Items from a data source
= = = =
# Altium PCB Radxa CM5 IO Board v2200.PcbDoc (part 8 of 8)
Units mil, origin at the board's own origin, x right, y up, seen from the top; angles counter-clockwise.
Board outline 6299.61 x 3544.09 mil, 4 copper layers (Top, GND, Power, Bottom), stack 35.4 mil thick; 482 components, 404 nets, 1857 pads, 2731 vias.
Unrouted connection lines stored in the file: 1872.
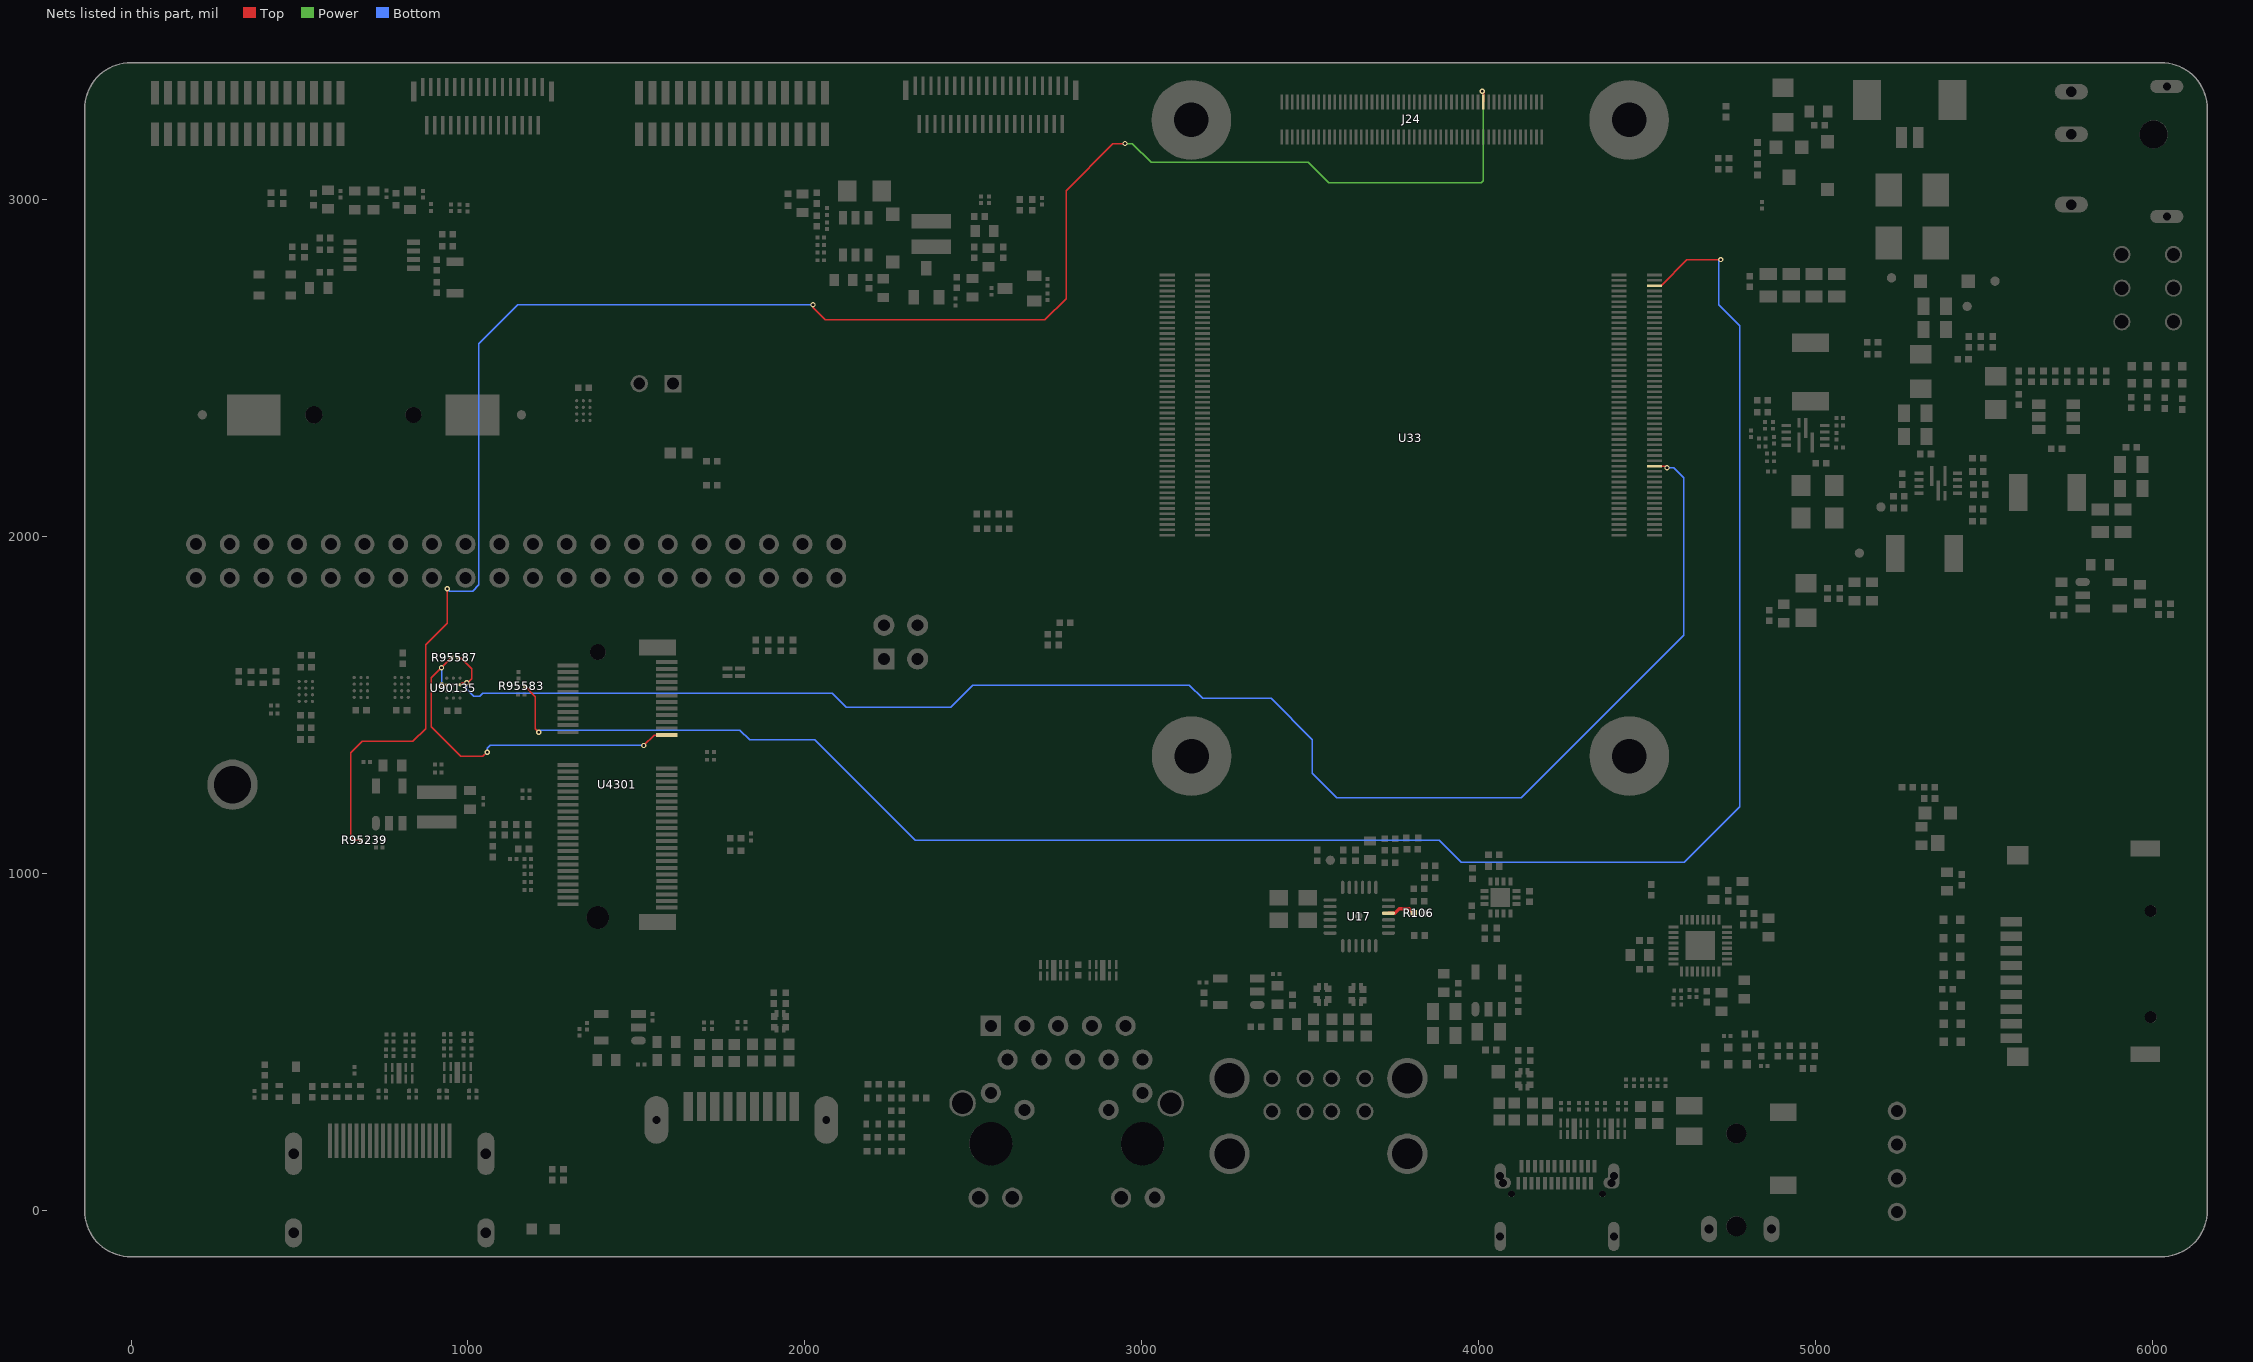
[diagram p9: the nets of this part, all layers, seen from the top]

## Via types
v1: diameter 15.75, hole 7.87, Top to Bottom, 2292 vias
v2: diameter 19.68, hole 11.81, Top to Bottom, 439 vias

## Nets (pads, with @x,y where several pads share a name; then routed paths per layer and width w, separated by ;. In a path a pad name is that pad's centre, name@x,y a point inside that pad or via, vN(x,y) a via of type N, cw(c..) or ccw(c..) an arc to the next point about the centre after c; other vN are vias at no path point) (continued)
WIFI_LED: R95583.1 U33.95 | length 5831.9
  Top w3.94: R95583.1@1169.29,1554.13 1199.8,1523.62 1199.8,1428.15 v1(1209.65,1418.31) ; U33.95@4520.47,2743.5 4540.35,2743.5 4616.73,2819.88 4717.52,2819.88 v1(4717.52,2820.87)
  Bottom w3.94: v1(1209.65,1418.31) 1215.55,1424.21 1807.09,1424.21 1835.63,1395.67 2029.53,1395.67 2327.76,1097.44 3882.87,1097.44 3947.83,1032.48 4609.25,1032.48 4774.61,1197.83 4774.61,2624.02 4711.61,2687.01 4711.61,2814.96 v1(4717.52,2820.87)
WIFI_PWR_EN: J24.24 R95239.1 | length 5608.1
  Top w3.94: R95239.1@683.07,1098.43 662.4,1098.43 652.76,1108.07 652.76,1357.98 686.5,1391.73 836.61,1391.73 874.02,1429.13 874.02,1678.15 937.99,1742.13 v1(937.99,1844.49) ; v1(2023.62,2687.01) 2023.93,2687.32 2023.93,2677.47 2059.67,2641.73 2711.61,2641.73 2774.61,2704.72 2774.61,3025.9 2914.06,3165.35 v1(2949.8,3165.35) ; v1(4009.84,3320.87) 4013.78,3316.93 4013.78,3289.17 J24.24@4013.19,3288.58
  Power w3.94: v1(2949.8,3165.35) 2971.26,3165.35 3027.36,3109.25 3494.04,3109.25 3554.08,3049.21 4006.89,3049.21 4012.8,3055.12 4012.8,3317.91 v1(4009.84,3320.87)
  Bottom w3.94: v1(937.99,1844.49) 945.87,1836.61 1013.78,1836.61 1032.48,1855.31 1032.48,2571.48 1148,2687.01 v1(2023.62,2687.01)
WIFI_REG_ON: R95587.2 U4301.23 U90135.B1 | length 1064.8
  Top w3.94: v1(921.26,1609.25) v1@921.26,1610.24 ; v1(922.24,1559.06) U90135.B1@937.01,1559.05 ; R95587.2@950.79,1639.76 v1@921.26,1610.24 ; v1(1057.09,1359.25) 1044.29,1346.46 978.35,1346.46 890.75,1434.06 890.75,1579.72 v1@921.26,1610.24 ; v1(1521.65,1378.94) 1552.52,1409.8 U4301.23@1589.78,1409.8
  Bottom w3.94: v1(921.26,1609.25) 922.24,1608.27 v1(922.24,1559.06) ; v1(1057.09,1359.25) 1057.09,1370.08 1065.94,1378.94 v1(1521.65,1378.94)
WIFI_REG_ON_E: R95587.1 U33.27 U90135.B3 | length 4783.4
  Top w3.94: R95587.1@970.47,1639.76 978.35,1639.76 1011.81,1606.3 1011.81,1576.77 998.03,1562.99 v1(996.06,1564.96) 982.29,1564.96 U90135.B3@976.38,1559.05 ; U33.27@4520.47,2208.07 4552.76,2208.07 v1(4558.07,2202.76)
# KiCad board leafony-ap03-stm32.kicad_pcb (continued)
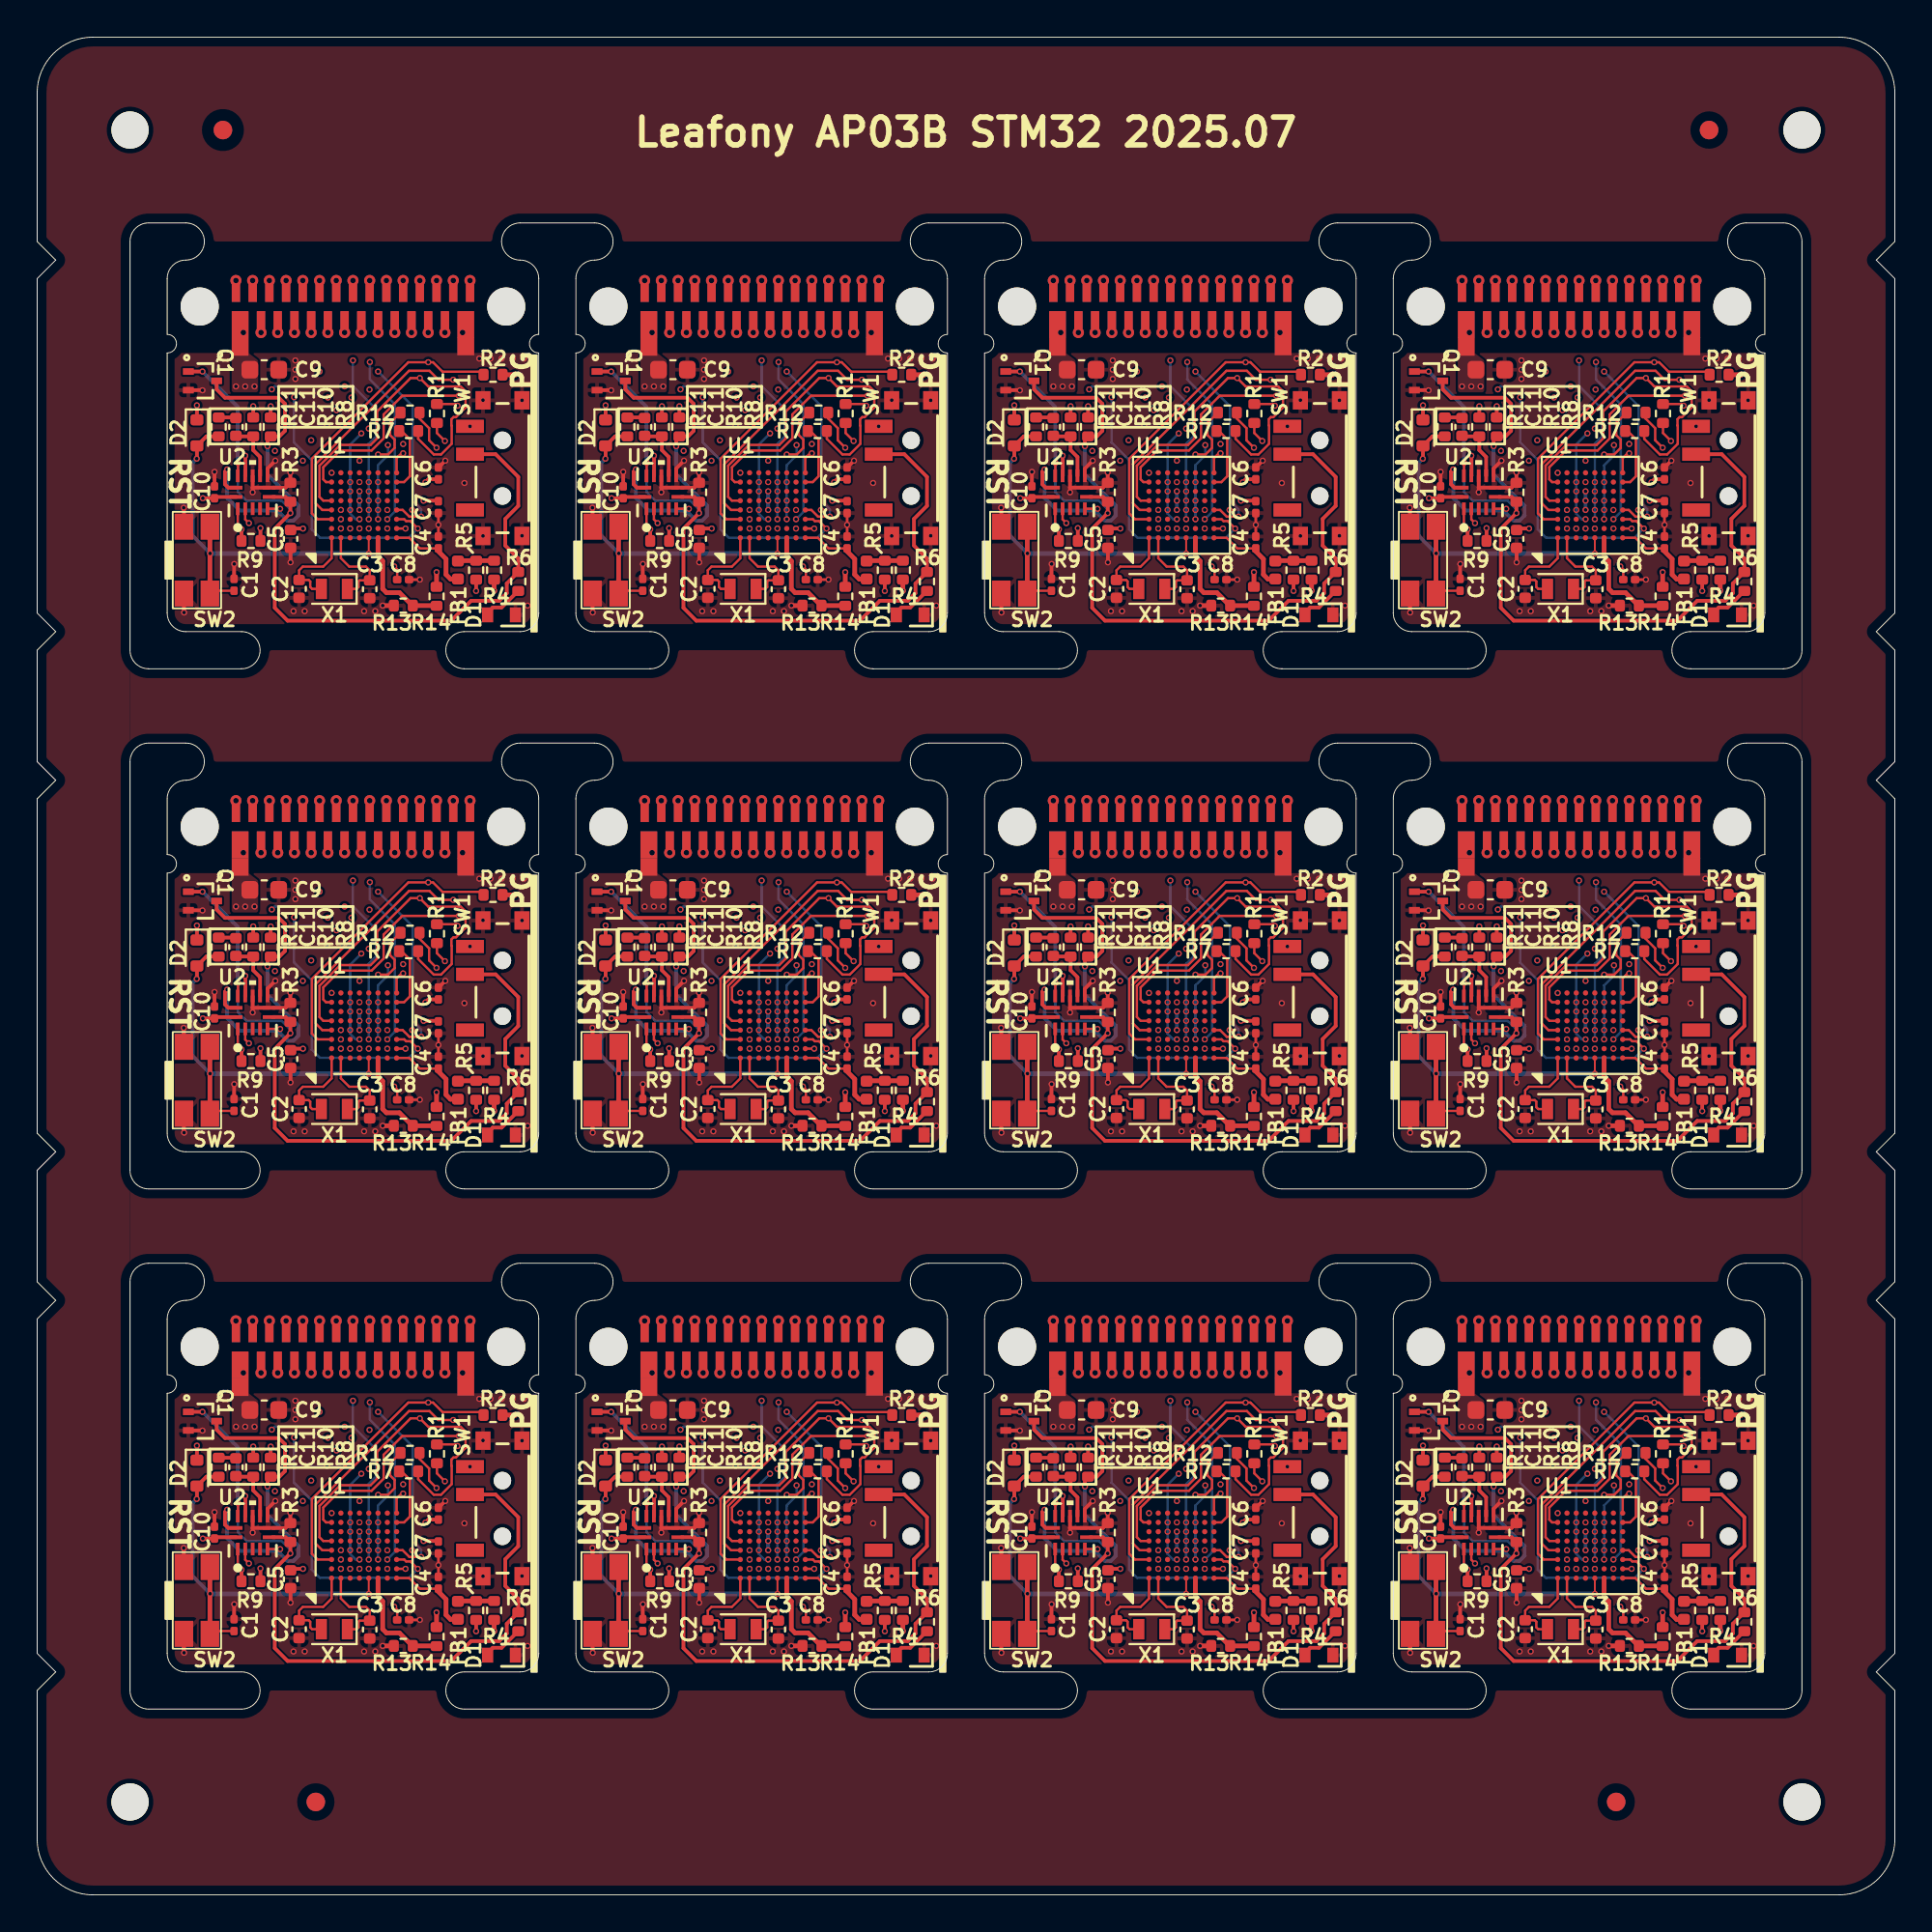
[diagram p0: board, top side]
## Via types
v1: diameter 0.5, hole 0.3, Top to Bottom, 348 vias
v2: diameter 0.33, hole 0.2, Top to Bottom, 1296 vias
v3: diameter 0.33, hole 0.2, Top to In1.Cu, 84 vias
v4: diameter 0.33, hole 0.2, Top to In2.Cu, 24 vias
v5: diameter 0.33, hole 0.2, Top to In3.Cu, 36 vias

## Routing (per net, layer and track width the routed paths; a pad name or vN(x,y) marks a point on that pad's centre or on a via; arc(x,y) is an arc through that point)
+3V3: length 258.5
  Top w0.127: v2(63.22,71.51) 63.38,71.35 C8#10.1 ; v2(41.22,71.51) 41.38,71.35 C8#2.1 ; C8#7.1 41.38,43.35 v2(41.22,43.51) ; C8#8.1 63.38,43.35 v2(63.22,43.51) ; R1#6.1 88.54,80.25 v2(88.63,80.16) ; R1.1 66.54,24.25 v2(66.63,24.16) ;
= = = =
> **Problem to work on**
Set down the records in full and exactly. Do not carry over any image.

> **Reply to the task**
# Altium PCB Radxa CM5 IO Board v2200.PcbDoc (part 8 of 8)
Units mil, origin at the board's own origin, x right, y up, seen from the top; angles counter-clockwise.
Board outline 6299.61 x 3544.09 mil, 4 copper layers (Top, GND, Power, Bottom), stack 35.4 mil thick; 482 components, 404 nets, 1857 pads, 2731 vias.
Unrouted connection lines stored in the file: 1872.
[diagram p9: the nets of this part, all layers, seen from the top]

## Via types
v1: diameter 15.75, hole 7.87, Top to Bottom, 2292 vias
v2: diameter 19.68, hole 11.81, Top to Bottom, 439 vias

## Nets (pads, with @x,y where several pads share a name; then routed paths per layer and width w, separated by ;. In a path a pad name is that pad's centre, name@x,y a point inside that pad or via, vN(x,y) a via of type N, cw(c..) or ccw(c..) an arc to the next point about the centre after c; other vN are vias at no path point) (continued)
WIFI_LED: R95583.1 U33.95 | length 5831.9
  Top w3.94: R95583.1@1169.29,1554.13 1199.8,1523.62 1199.8,1428.15 v1(1209.65,1418.31) ; U33.95@4520.47,2743.5 4540.35,2743.5 4616.73,2819.88 4717.52,2819.88 v1(4717.52,2820.87)
  Bottom w3.94: v1(1209.65,1418.31) 1215.55,1424.21 1807.09,1424.21 1835.63,1395.67 2029.53,1395.67 2327.76,1097.44 3882.87,1097.44 3947.83,1032.48 4609.25,1032.48 4774.61,1197.83 4774.61,2624.02 4711.61,2687.01 4711.61,2814.96 v1(4717.52,2820.87)
WIFI_PWR_EN: J24.24 R95239.1 | length 5608.1
  Top w3.94: R95239.1@683.07,1098.43 662.4,1098.43 652.76,1108.07 652.76,1357.98 686.5,1391.73 836.61,1391.73 874.02,1429.13 874.02,1678.15 937.99,1742.13 v1(937.99,1844.49) ; v1(2023.62,2687.01) 2023.93,2687.32 2023.93,2677.47 2059.67,2641.73 2711.61,2641.73 2774.61,2704.72 2774.61,3025.9 2914.06,3165.35 v1(2949.8,3165.35) ; v1(4009.84,3320.87) 4013.78,3316.93 4013.78,3289.17 J24.24@4013.19,3288.58
  Power w3.94: v1(2949.8,3165.35) 2971.26,3165.35 3027.36,3109.25 3494.04,3109.25 3554.08,3049.21 4006.89,3049.21 4012.8,3055.12 4012.8,3317.91 v1(4009.84,3320.87)
  Bottom w3.94: v1(937.99,1844.49) 945.87,1836.61 1013.78,1836.61 1032.48,1855.31 1032.48,2571.48 1148,2687.01 v1(2023.62,2687.01)
WIFI_REG_ON: R95587.2 U4301.23 U90135.B1 | length 1064.8
  Top w3.94: v1(921.26,1609.25) v1@921.26,1610.24 ; v1(922.24,1559.06) U90135.B1@937.01,1559.05 ; R95587.2@950.79,1639.76 v1@921.26,1610.24 ; v1(1057.09,1359.25) 1044.29,1346.46 978.35,1346.46 890.75,1434.06 890.75,1579.72 v1@921.26,1610.24 ; v1(1521.65,1378.94) 1552.52,1409.8 U4301.23@1589.78,1409.8
  Bottom w3.94: v1(921.26,1609.25) 922.24,1608.27 v1(922.24,1559.06) ; v1(1057.09,1359.25) 1057.09,1370.08 1065.94,1378.94 v1(1521.65,1378.94)
WIFI_REG_ON_E: R95587.1 U33.27 U90135.B3 | length 4783.4
  Top w3.94: R95587.1@970.47,1639.76 978.35,1639.76 1011.81,1606.3 1011.81,1576.77 998.03,1562.99 v1(996.06,1564.96) 982.29,1564.96 U90135.B3@976.38,1559.05 ; U33.27@4520.47,2208.07 4552.76,2208.07 v1(4558.07,2202.76)
# KiCad board leafony-ap03-stm32.kicad_pcb (continued)
[diagram p0: board, top side]
## Via types
v1: diameter 0.5, hole 0.3, Top to Bottom, 348 vias
v2: diameter 0.33, hole 0.2, Top to Bottom, 1296 vias
v3: diameter 0.33, hole 0.2, Top to In1.Cu, 84 vias
v4: diameter 0.33, hole 0.2, Top to In2.Cu, 24 vias
v5: diameter 0.33, hole 0.2, Top to In3.Cu, 36 vias

## Routing (per net, layer and track width the routed paths; a pad name or vN(x,y) marks a point on that pad's centre or on a via; arc(x,y) is an arc through that point)
+3V3: length 258.5
  Top w0.127: v2(63.22,71.51) 63.38,71.35 C8#10.1 ; v2(41.22,71.51) 41.38,71.35 C8#2.1 ; C8#7.1 41.38,43.35 v2(41.22,43.51) ; C8#8.1 63.38,43.35 v2(63.22,43.51) ; R1#6.1 88.54,80.25 v2(88.63,80.16) ; R1.1 66.54,24.25 v2(66.63,24.16) ;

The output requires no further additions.